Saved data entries
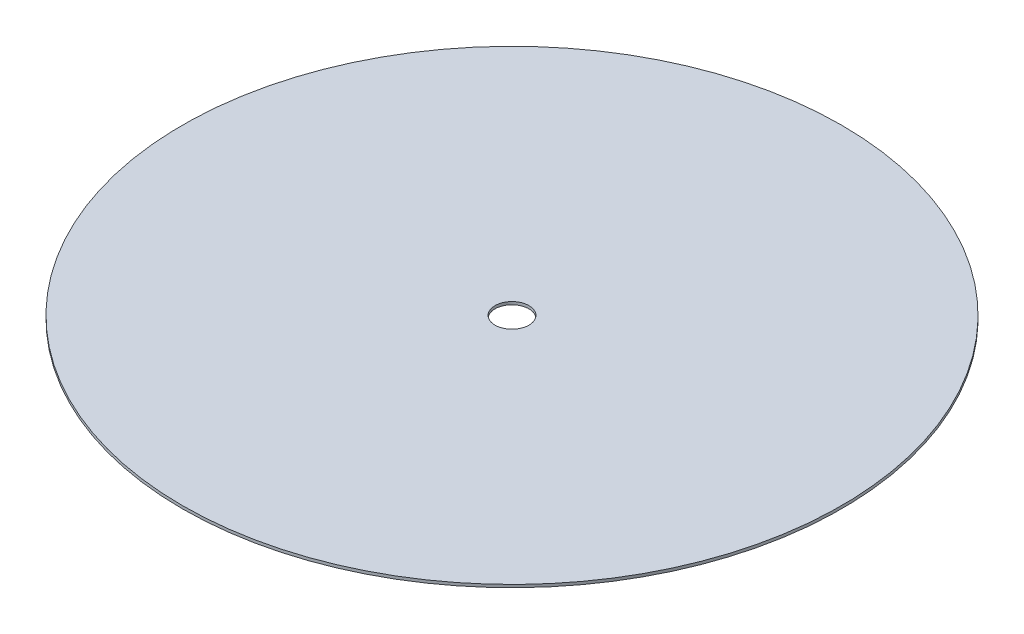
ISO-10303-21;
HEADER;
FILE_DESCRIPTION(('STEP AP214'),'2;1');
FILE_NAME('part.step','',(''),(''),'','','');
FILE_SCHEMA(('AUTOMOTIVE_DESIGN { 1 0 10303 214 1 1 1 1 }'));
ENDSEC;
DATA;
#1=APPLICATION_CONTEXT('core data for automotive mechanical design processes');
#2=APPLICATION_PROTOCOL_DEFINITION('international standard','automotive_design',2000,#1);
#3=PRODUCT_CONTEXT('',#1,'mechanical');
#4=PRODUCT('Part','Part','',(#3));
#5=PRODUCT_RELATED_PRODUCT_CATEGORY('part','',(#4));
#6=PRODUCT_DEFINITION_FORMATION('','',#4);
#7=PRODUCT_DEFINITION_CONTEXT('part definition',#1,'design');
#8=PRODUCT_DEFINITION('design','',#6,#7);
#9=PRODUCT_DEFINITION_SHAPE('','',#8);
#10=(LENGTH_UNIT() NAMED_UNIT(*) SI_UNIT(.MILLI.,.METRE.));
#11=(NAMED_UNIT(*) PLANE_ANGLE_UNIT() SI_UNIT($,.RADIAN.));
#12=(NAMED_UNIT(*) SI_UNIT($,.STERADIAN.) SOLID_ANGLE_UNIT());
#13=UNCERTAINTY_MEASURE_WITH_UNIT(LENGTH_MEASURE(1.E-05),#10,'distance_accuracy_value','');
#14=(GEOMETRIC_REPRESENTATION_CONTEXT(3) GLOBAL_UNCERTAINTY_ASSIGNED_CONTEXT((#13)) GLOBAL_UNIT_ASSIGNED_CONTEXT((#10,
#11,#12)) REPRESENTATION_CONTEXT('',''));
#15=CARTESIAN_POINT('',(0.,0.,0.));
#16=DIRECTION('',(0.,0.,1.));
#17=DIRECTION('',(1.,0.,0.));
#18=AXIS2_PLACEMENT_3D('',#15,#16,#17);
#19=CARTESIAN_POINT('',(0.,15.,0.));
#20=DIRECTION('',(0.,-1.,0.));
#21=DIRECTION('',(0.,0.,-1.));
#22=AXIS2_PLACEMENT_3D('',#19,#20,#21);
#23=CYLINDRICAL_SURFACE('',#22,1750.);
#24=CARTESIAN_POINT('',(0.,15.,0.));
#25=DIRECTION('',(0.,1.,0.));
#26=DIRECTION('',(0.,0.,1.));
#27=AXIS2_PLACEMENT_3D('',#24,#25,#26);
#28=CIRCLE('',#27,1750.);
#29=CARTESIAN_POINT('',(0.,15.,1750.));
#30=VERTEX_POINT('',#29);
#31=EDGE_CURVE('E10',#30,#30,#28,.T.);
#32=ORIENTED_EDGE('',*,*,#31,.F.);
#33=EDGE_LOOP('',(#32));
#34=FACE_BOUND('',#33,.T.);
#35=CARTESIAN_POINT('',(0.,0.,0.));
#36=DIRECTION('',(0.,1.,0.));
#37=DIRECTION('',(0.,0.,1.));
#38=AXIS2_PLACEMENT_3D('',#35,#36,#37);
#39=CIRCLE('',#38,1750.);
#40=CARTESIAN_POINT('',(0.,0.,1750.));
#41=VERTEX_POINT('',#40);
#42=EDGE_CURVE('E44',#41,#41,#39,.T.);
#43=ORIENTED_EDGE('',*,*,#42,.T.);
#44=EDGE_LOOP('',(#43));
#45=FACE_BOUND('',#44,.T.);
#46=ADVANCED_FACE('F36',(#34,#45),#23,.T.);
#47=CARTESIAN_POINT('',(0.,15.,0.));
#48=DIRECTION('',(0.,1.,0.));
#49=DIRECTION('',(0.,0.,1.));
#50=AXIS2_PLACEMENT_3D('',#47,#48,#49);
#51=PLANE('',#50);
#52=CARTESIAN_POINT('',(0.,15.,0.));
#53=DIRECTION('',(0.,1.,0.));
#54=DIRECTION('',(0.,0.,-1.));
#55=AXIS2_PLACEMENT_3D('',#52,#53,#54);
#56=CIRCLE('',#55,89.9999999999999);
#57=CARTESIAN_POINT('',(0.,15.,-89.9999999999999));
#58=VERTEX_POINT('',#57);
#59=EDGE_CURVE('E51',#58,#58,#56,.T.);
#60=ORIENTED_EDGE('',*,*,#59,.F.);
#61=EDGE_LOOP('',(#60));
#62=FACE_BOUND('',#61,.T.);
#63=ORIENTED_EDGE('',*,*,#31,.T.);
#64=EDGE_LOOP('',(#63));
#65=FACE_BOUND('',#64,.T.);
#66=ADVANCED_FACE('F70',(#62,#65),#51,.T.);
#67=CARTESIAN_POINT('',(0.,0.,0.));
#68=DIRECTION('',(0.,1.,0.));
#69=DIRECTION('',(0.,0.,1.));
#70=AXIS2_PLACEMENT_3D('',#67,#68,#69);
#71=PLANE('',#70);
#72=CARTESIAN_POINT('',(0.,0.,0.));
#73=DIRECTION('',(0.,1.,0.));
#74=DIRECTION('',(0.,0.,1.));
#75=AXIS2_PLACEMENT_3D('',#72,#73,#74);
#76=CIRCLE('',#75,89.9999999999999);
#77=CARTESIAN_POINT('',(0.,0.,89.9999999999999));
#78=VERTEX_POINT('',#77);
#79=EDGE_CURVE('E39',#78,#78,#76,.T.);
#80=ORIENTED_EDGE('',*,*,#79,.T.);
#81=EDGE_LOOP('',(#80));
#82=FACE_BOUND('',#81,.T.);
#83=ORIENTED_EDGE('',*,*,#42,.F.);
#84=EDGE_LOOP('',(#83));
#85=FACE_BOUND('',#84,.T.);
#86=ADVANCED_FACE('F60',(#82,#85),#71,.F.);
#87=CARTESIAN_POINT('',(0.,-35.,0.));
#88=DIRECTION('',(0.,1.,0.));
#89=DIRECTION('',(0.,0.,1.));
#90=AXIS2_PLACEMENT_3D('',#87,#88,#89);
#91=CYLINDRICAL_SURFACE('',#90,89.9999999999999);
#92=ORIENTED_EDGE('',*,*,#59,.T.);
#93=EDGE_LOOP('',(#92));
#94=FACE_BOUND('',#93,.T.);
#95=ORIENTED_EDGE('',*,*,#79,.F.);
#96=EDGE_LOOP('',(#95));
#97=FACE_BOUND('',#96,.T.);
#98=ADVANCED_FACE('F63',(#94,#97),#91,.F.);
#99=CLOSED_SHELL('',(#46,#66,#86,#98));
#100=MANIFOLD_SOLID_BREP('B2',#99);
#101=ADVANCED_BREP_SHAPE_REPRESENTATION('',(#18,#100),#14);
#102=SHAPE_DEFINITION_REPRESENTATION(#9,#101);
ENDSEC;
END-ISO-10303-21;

## ASSIGNMENT
What is needed is an exact reproduction of the data, pictures excluded.

## EXERCISE RESPONSE
ISO-10303-21;
HEADER;
FILE_DESCRIPTION(('STEP AP214'),'2;1');
FILE_NAME('part.step','',(''),(''),'','','');
FILE_SCHEMA(('AUTOMOTIVE_DESIGN { 1 0 10303 214 1 1 1 1 }'));
ENDSEC;
DATA;
#1=APPLICATION_CONTEXT('core data for automotive mechanical design processes');
#2=APPLICATION_PROTOCOL_DEFINITION('international standard','automotive_design',2000,#1);
#3=PRODUCT_CONTEXT('',#1,'mechanical');
#4=PRODUCT('Part','Part','',(#3));
#5=PRODUCT_RELATED_PRODUCT_CATEGORY('part','',(#4));
#6=PRODUCT_DEFINITION_FORMATION('','',#4);
#7=PRODUCT_DEFINITION_CONTEXT('part definition',#1,'design');
#8=PRODUCT_DEFINITION('design','',#6,#7);
#9=PRODUCT_DEFINITION_SHAPE('','',#8);
#10=(LENGTH_UNIT() NAMED_UNIT(*) SI_UNIT(.MILLI.,.METRE.));
#11=(NAMED_UNIT(*) PLANE_ANGLE_UNIT() SI_UNIT($,.RADIAN.));
#12=(NAMED_UNIT(*) SI_UNIT($,.STERADIAN.) SOLID_ANGLE_UNIT());
#13=UNCERTAINTY_MEASURE_WITH_UNIT(LENGTH_MEASURE(1.E-05),#10,'distance_accuracy_value','');
#14=(GEOMETRIC_REPRESENTATION_CONTEXT(3) GLOBAL_UNCERTAINTY_ASSIGNED_CONTEXT((#13)) GLOBAL_UNIT_ASSIGNED_CONTEXT((#10,
#11,#12)) REPRESENTATION_CONTEXT('',''));
#15=CARTESIAN_POINT('',(0.,0.,0.));
#16=DIRECTION('',(0.,0.,1.));
#17=DIRECTION('',(1.,0.,0.));
#18=AXIS2_PLACEMENT_3D('',#15,#16,#17);
#19=CARTESIAN_POINT('',(0.,15.,0.));
#20=DIRECTION('',(0.,-1.,0.));
#21=DIRECTION('',(0.,0.,-1.));
#22=AXIS2_PLACEMENT_3D('',#19,#20,#21);
#23=CYLINDRICAL_SURFACE('',#22,1750.);
#24=CARTESIAN_POINT('',(0.,15.,0.));
#25=DIRECTION('',(0.,1.,0.));
#26=DIRECTION('',(0.,0.,1.));
#27=AXIS2_PLACEMENT_3D('',#24,#25,#26);
#28=CIRCLE('',#27,1750.);
#29=CARTESIAN_POINT('',(0.,15.,1750.));
#30=VERTEX_POINT('',#29);
#31=EDGE_CURVE('E10',#30,#30,#28,.T.);
#32=ORIENTED_EDGE('',*,*,#31,.F.);
#33=EDGE_LOOP('',(#32));
#34=FACE_BOUND('',#33,.T.);
#35=CARTESIAN_POINT('',(0.,0.,0.));
#36=DIRECTION('',(0.,1.,0.));
#37=DIRECTION('',(0.,0.,1.));
#38=AXIS2_PLACEMENT_3D('',#35,#36,#37);
#39=CIRCLE('',#38,1750.);
#40=CARTESIAN_POINT('',(0.,0.,1750.));
#41=VERTEX_POINT('',#40);
#42=EDGE_CURVE('E44',#41,#41,#39,.T.);
#43=ORIENTED_EDGE('',*,*,#42,.T.);
#44=EDGE_LOOP('',(#43));
#45=FACE_BOUND('',#44,.T.);
#46=ADVANCED_FACE('F36',(#34,#45),#23,.T.);
#47=CARTESIAN_POINT('',(0.,15.,0.));
#48=DIRECTION('',(0.,1.,0.));
#49=DIRECTION('',(0.,0.,1.));
#50=AXIS2_PLACEMENT_3D('',#47,#48,#49);
#51=PLANE('',#50);
#52=CARTESIAN_POINT('',(0.,15.,0.));
#53=DIRECTION('',(0.,1.,0.));
#54=DIRECTION('',(0.,0.,-1.));
#55=AXIS2_PLACEMENT_3D('',#52,#53,#54);
#56=CIRCLE('',#55,89.9999999999999);
#57=CARTESIAN_POINT('',(0.,15.,-89.9999999999999));
#58=VERTEX_POINT('',#57);
#59=EDGE_CURVE('E51',#58,#58,#56,.T.);
#60=ORIENTED_EDGE('',*,*,#59,.F.);
#61=EDGE_LOOP('',(#60));
#62=FACE_BOUND('',#61,.T.);
#63=ORIENTED_EDGE('',*,*,#31,.T.);
#64=EDGE_LOOP('',(#63));
#65=FACE_BOUND('',#64,.T.);
#66=ADVANCED_FACE('F70',(#62,#65),#51,.T.);
#67=CARTESIAN_POINT('',(0.,0.,0.));
#68=DIRECTION('',(0.,1.,0.));
#69=DIRECTION('',(0.,0.,1.));
#70=AXIS2_PLACEMENT_3D('',#67,#68,#69);
#71=PLANE('',#70);
#72=CARTESIAN_POINT('',(0.,0.,0.));
#73=DIRECTION('',(0.,1.,0.));
#74=DIRECTION('',(0.,0.,1.));
#75=AXIS2_PLACEMENT_3D('',#72,#73,#74);
#76=CIRCLE('',#75,89.9999999999999);
#77=CARTESIAN_POINT('',(0.,0.,89.9999999999999));
#78=VERTEX_POINT('',#77);
#79=EDGE_CURVE('E39',#78,#78,#76,.T.);
#80=ORIENTED_EDGE('',*,*,#79,.T.);
#81=EDGE_LOOP('',(#80));
#82=FACE_BOUND('',#81,.T.);
#83=ORIENTED_EDGE('',*,*,#42,.F.);
#84=EDGE_LOOP('',(#83));
#85=FACE_BOUND('',#84,.T.);
#86=ADVANCED_FACE('F60',(#82,#85),#71,.F.);
#87=CARTESIAN_POINT('',(0.,-35.,0.));
#88=DIRECTION('',(0.,1.,0.));
#89=DIRECTION('',(0.,0.,1.));
#90=AXIS2_PLACEMENT_3D('',#87,#88,#89);
#91=CYLINDRICAL_SURFACE('',#90,89.9999999999999);
#92=ORIENTED_EDGE('',*,*,#59,.T.);
#93=EDGE_LOOP('',(#92));
#94=FACE_BOUND('',#93,.T.);
#95=ORIENTED_EDGE('',*,*,#79,.F.);
#96=EDGE_LOOP('',(#95));
#97=FACE_BOUND('',#96,.T.);
#98=ADVANCED_FACE('F63',(#94,#97),#91,.F.);
#99=CLOSED_SHELL('',(#46,#66,#86,#98));
#100=MANIFOLD_SOLID_BREP('B2',#99);
#101=ADVANCED_BREP_SHAPE_REPRESENTATION('',(#18,#100),#14);
#102=SHAPE_DEFINITION_REPRESENTATION(#9,#101);
ENDSEC;
END-ISO-10303-21;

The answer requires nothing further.